AfriForum environmental affairs adviser Marais de Vaal, examining the contents of the report, questioned Cooperative Government and Traditional Affairs Minister Thembi Nkadimeng’s recent statement that there is a remarkable improvement in municipalities.

“The provision of clean drinking water, which is a basic human right, weakens year after year and the number of towns with water problems is also only increasing. How is this an indication that municipalities have improved remarkably?”

“What is even more worrying is that municipalities do not notify their residents when water quality is compromised and this can be life-threatening,” De Klerk added, referring to the Blue Drop report’s findings that 57% of municipalities do not notify water users in the event of water quality being compromised or not monitored, implying low confidence by water users in the quality of water in their taps.
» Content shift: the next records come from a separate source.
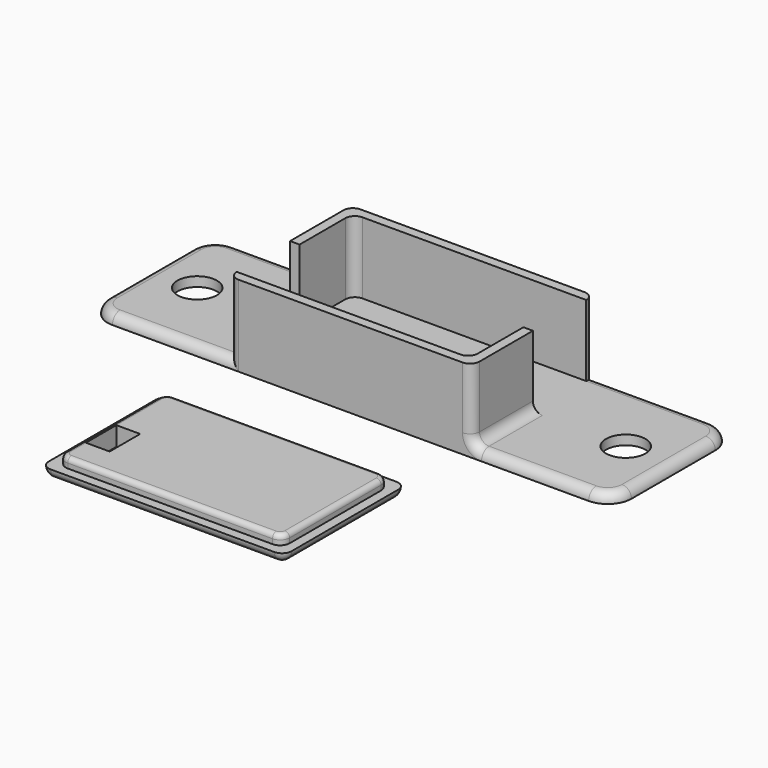
from build123d import *

# Parameters (mm, degrees)
F0_W      = 110
F0_H      = 32
F0_R      = 4.15
F1_DEPTH  = 2
F2_W      = 23.5
F2_H      = 2
F3_DEPTH  = 15
F4_W      = 14
F4_H      = 15
F5_DEPTH  = 2
F6_W      = 14
F6_H      = 15
F7_DEPTH  = 2
F8_R      = 5
F9_F1_R   = 2
F9_F2_R   = 1.9999
F10_W     = 51
F10_H     = 32
F10_W_2   = 47
F10_H_2   = 28
F11_DEPTH = 2
F12_W     = 23.5
F12_H     = 28
F13_DEPTH = 2
F14_R     = 1.99999
F15_R     = 1
F16_W     = 5
F16_H     = 8
F17_DEPTH = 25


# Not quite as in the source:
# - a fillet or chamfer is up to 0.001 mm smaller than in the source, because OpenCascade refuses the exact size


with BuildPart() as f1:
    # F0 (on Top) → F1 (new body)
    with BuildSketch(Plane.XY):
        Rectangle(F0_W, F0_H)
        with Locations((-45, 0)):
            Circle(F0_R, mode=Mode.SUBTRACT)
        with BuildLine():
            ThreePointArc((49.15, 0), (45, -4.15), (40.85, 0))
            ThreePointArc((40.85, 0), (45, 4.15), (49.15, 0))
        make_face(mode=Mode.SUBTRACT)
    extrude(amount=F1_DEPTH)

    # F2 (on face) → F3 (join)
    with BuildSketch(Plane.XY.offset(2)):
        with Locations((-11.75, -15)):
            Rectangle(F2_W, F2_H)
        with Locations((11.75, -15)):
            Rectangle(F2_W, F2_H)
        Polygon((23.5, -14), (23.5, -16), (25.5, -16), (25.5, 16), (23.5, 16), (23.5, 14), align=None)
        Polygon((-25.5, -16), (-23.5, -16), (-23.5, -14), (-23.5, 14), (-23.5, 16), (-25.5, 16), align=None)
        with Locations((-11.75, 15)):
            Rectangle(F2_W, F2_H)
        with Locations((11.75, 15)):
            Rectangle(F2_W, F2_H)
    extrude(amount=F3_DEPTH)

    # F4 (on face) → F5 (cut, through all)
    with BuildSketch(Plane(origin=(-25.5, 0, 0), x_dir=(0, -1, 0), z_dir=(-1, 0, 0))):
        with Locations((7, 9.5)):
            Rectangle(F4_W, F4_H)
    extrude(amount=-F5_DEPTH, mode=Mode.SUBTRACT)

    # F6 (on face) → F7 (cut, through all)
    with BuildSketch(Plane.YZ.offset(25.5)):
        with Locations((7, 9.5)):
            Rectangle(F6_W, F6_H)
    extrude(amount=-F7_DEPTH, mode=Mode.SUBTRACT)

    # F8
    f8_edges = [f1.edges().sort_by_distance(p)[0] for p in [
        (-55, -16, 1),
        (-55, 16, 1),
        (55, -16, 1),
        (55, 16, 1),
    ]]
    fillet(f8_edges, radius=F8_R)

    # F9: fillet of radius 2 on 8 edges, made by hand

    # F9_f1
    f9_f1_edges = [f1.edges().sort_by_distance(p)[0] for p in [
        (23.5, -14, 9.5),
        (-23.5, 14, 9.5),
        (-25.5, 8, 2),
        (25.5, -8, 2),
    ]]
    fillet(f9_f1_edges, radius=F9_F1_R)

    # F9_f2 (radius 2 in the source; OpenCascade refuses exactly that, so slightly less here)
    f9_f2_edges = [f1.edges().sort_by_distance(p)[0] for p in [
        (25.5, -16, 10.5),
        (-25.5, 16, 10.5),
        (25.5, 16, 9.5),
        (-25.5, -16, 9.5),
        (-26.0857864376, 16, 2.5857864376),
        (26.0857864376, -16, 2.5857864376),
    ]]
    fillet(f9_f2_edges, radius=F9_F2_R)


with BuildPart() as f11:
    # F10 (on Top) → F11 (new body)
    with BuildSketch(Plane.XY):
        with Locations((0, -49.3504135075)):
            Rectangle(F10_W, F10_H)
        with Locations((0, -49.3504135075)):
            Rectangle(F10_W_2, F10_H_2, mode=Mode.SUBTRACT)
        with Locations((0, -49.3504135075)):
            Rectangle(F10_W_2, F10_H_2)
    extrude(amount=F11_DEPTH)

    # F12 (on face) → F13 (join)
    with BuildSketch(Plane.XY.offset(2)):
        with Locations((11.75, -49.3504135075)):
            Rectangle(F12_W, F12_H)
        with Locations((-11.75, -49.3504135075)):
            Rectangle(F12_W, F12_H)
    extrude(amount=F13_DEPTH)

    # F14 (radius 2 in the source; OpenCascade refuses exactly that, so slightly less here)
    f14_edges = [f11.edges().sort_by_distance(p)[0] for p in [
        (-23.5, -63.350414, 3),
        (-25.5, -65.350414, 1),
        (23.5, -63.350414, 3),
        (23.5, -35.350414, 3),
        (-23.5, -35.350414, 3),
        (-25.5, -33.350414, 1),
        (25.5, -33.350414, 1),
        (25.5, -65.350414, 1),
        (0, -65.350414, 0),
        (25.5, -49.350414, 0),
        (0, -33.350414, 0),
        (-25.5, -49.350414, 0),
    ]]
    fillet(f14_edges, radius=F14_R)

    # F15
    f15_edges = [f11.edges().sort_by_distance(p)[0] for p in [
        (23.5, -49.350414, 4),
        (22.914216, -62.76463, 4),
        (22.914216, -35.936197, 4),
        (0, -63.350414, 4),
        (0, -35.350414, 4),
        (-22.914216, -62.76463, 4),
        (-22.914216, -35.936197, 4),
        (-23.5, -49.350414, 4),
    ]]
    fillet(f15_edges, radius=F15_R)

    # F16 (on face) → F17 (cut)
    with BuildSketch(Plane.XY.offset(4)):
        with Locations((-20, -53.3504135075)):
            Rectangle(F16_W, F16_H)
    extrude(amount=-F17_DEPTH, mode=Mode.SUBTRACT)


solid = Compound([f1.part, f11.part])
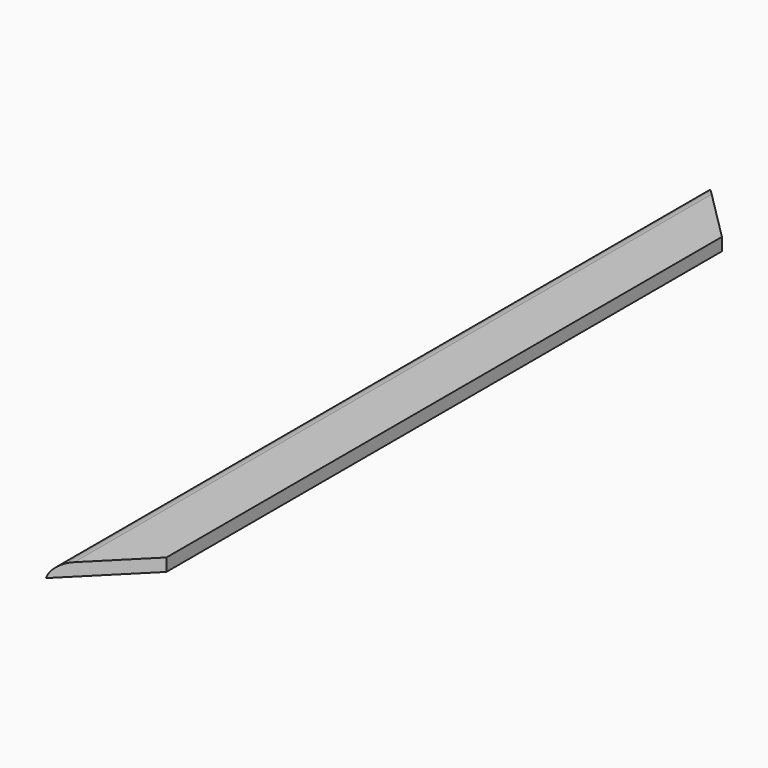
from build123d import *

# Parameters (mm, degrees)
F0_W        = 21
F0_H        = 260
F1_DEPTH    = 4
F3_DEPTH    = 4.001
F4_T1_DEPTH = 284.4948974279


# Not quite as in the source:
# - a fillet or chamfer that OpenCascade refuses, or shapes differently, is made with other operations: its cross-section is extruded or revolved along the edge and cut away or added


with BuildPart() as f1:
    # F0 (on Top) → F1 (new body)
    with BuildSketch(Plane.XY):
        Rectangle(F0_W, F0_H)
    extrude(amount=F1_DEPTH)

    # F2 (on face) → F3 (cut, through all)
    with BuildSketch(Plane.XY.offset(4)):
        Polygon((10.5, 130), (-10.5, 130), (10.5, 109), align=None)
        Polygon((10.5, -109), (-10.5, -130), (10.5, -130), align=None)
    extrude(amount=-F3_DEPTH, mode=Mode.SUBTRACT)

    # F4: fillet of radius 5 on 1 edges, made by hand

    # F4_s2 → F4_t1 (cut)
    with BuildSketch(Plane.XZ.offset(-142.2474487139)):
        with BuildLine():
            ThreePointArc((-5.6010205144, 4), (-8.7632981746, 2.8729833462), (-10.5, 0))
            Line((-10.5, 0), (-10.5, 4))
            Line((-10.5, 4), (-5.6010205144, 4))
        make_face()
    extrude(amount=F4_T1_DEPTH, mode=Mode.SUBTRACT)


solid = f1.part
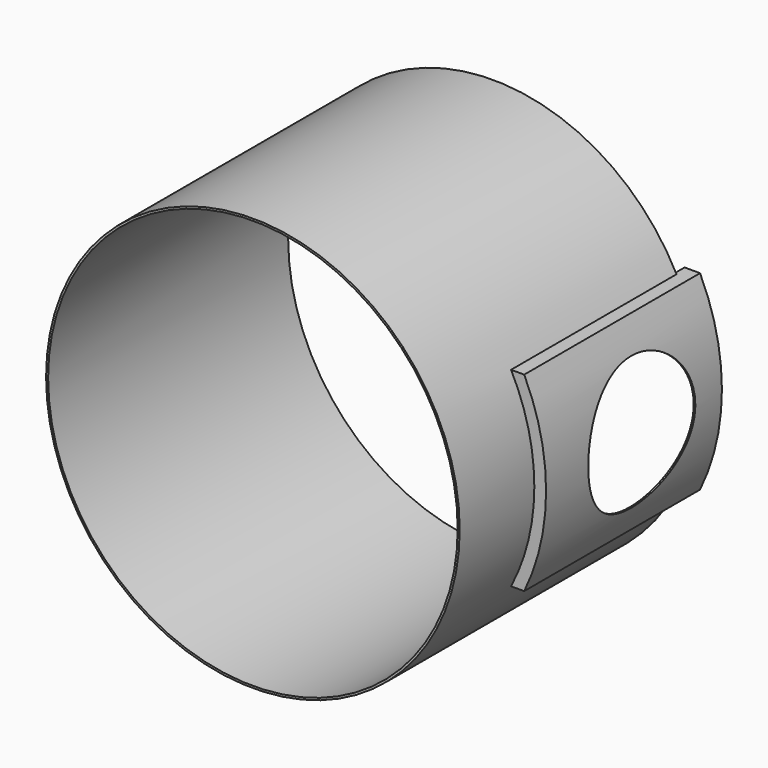
from build123d import *

# Parameters (mm, degrees)
F0_R        = 323.85
F0_R_2      = 320.675
F1_DEPTH    = 469.9
F2_W        = 298.45
F2_H        = 298.45
F3_DEPTH    = 595.884
F5_DEPTH    = 612.14
F6_T4_ANGLE = 57.0256517653
F7_R        = 669.2625565618
F7_R_2      = 339.725
F7_R_3      = 320.675
F8_DEPTH    = 561.34
F10_DEPTH   = 323.85
F11_R       = 104.775
F12_DEPTH   = 947.42
F13_DEPTH   = 20.32


# Not quite as in the source:
# - a fillet or chamfer that OpenCascade refuses, or shapes differently, is made with other operations: its cross-section is extruded or revolved along the edge and cut away or added


with BuildPart() as f1:
    # F0 (on Front) → F1 (new body)
    with BuildSketch(Plane.XZ):
        Circle(F0_R)
        Circle(F0_R_2, mode=Mode.SUBTRACT)
    extrude(amount=F1_DEPTH)

    # F2 (on Right) → F3 (cut)
    with BuildSketch(Plane.YZ):
        with Locations((-149.225, 0)):
            Rectangle(F2_W, F2_H)
    extrude(amount=F3_DEPTH, mode=Mode.SUBTRACT)

    # F4 (on Right) → F5 (join)
    with BuildSketch(Plane.YZ):
        Polygon((20.32, 149.225), (0, 149.225), (-323.85, 149.225), (-323.85, -149.225), (0, -149.225), (20.32, -149.225), (20.32, -144.145), (0, -144.145), (-17.1384390951, -144.145), (-306.7115609049, -144.145), (-306.7115609049, 144.145), (-17.1384390951, 144.145), (0, 144.145), (20.32, 144.145), align=None)
    extrude(amount=F5_DEPTH)

    # F6: fillet of radius 5.08 on 1 edges, made by hand


with BuildPart() as f6_tool2:
    # F6_s3 → F6_t4 (revolve)
    with BuildSketch(Plane(origin=(0, 0, 0), x_dir=(0, 1, 0), z_dir=(-0.4773554749, 0, 0.8787102768))):
        with BuildLine():
            ThreePointArc((-303.1592860393, -323.85), (-300.3194797079, -322.9821134838), (-298.45, -320.675))
            Line((-298.45, -320.675), (-298.45, -323.85))
            Line((-298.45, -323.85), (-303.1592860393, -323.85))
        make_face()
    revolve(axis=Axis((0, -298.45, 0), (0, 1, 0)), revolution_arc=F6_T4_ANGLE)

    split(bisect_by=Plane.XY.offset(-144.145), keep=Keep.TOP)

    split(bisect_by=Plane.XY.offset(144.145), keep=Keep.BOTTOM)


with BuildPart() as f1_1:
    add(f1.part)

    # F6_t1: cut F6_tool2
    add(f6_tool2.part, mode=Mode.SUBTRACT)

    # F7 (on Front) → F8 (cut, symmetric)
    with BuildSketch(Plane.XZ):
        Circle(F7_R)
        Circle(F7_R_2, mode=Mode.SUBTRACT)
        Circle(F7_R_3)
    extrude(amount=F8_DEPTH, both=True, mode=Mode.SUBTRACT)

    # F9 (on Front) → F10 (join, through all)
    with BuildSketch(Plane.XZ):
        with BuildLine():
            ThreePointArc((305.1966169537, 149.225), (339.725, 0), (305.1966169537, -149.225))
            Line((305.1966169537, -149.225), (308.0214758747, -149.225))
            ThreePointArc((308.0214758747, -149.225), (342.265, 0), (308.0214758747, 149.225))
            Line((308.0214758747, 149.225), (305.1966169537, 149.225))
        make_face()
    extrude(amount=F10_DEPTH)

    # F11 (on Right) → F12 (cut)
    with BuildSketch(Plane.YZ):
        with Locations((-136.525, 0)):
            Circle(F11_R)
    extrude(amount=F12_DEPTH, mode=Mode.SUBTRACT)

    # F9 (on Front) → F13 (join)
    with BuildSketch(Plane.XZ):
        with BuildLine():
            ThreePointArc((305.1966169537, 149.225), (339.725, 0), (305.1966169537, -149.225))
            Line((305.1966169537, -149.225), (308.0214758747, -149.225))
            ThreePointArc((308.0214758747, -149.225), (342.265, 0), (308.0214758747, 149.225))
            Line((308.0214758747, 149.225), (305.1966169537, 149.225))
        make_face()
    extrude(amount=-F13_DEPTH)


solid = f1_1.part

“The mismanagement of wastewater causes a vicious cycle that can also affect the quality of drinking water. With almost two-thirds of WWTW’s posing a high or critical risk, it is not at all far-fetched that the treatment of drinking water will also become much more problematic in the future. Ultimately, this will have a huge impact on the cost of drinking water, because it will become more and more expensive to purify water. Given the critical condition of almost a third of the country’s WSSs, this can already lead to life-threatening situations,” De Vaal commented.

WaterCAN further questioned spending following the report’s estimates that R4.69-billion is required every year to maintain the water supply assets, which is 15% of their estimated value of R217.34-billion.

“The report says the actual spending of 27% on operations and maintenance appears to be more than adequate. If this money is indeed being spent, WaterCAN questions the effectiveness of the spending, given the ongoing reports from across the country of failed water systems which leave communities desperate for reliable water provision,” said Adam.

However, while the reports bring bad news, WaterCAN applauds the DWS for delivering these reports.

“Although the reports illustrate the state of the crisis, it is better to have clear, reliable information as an indication of where we stand and a baseline for improvement.

WaterCAN further welcomed the department’s promises in the reports to take action against municipalities to improve systems, calling on the DWS to keep the public up to date on such actions.

“There is substantial room for improvement. We want to see those in charge of the failed systems held to account, and clear and consistent corrective action applied,” Adam commented.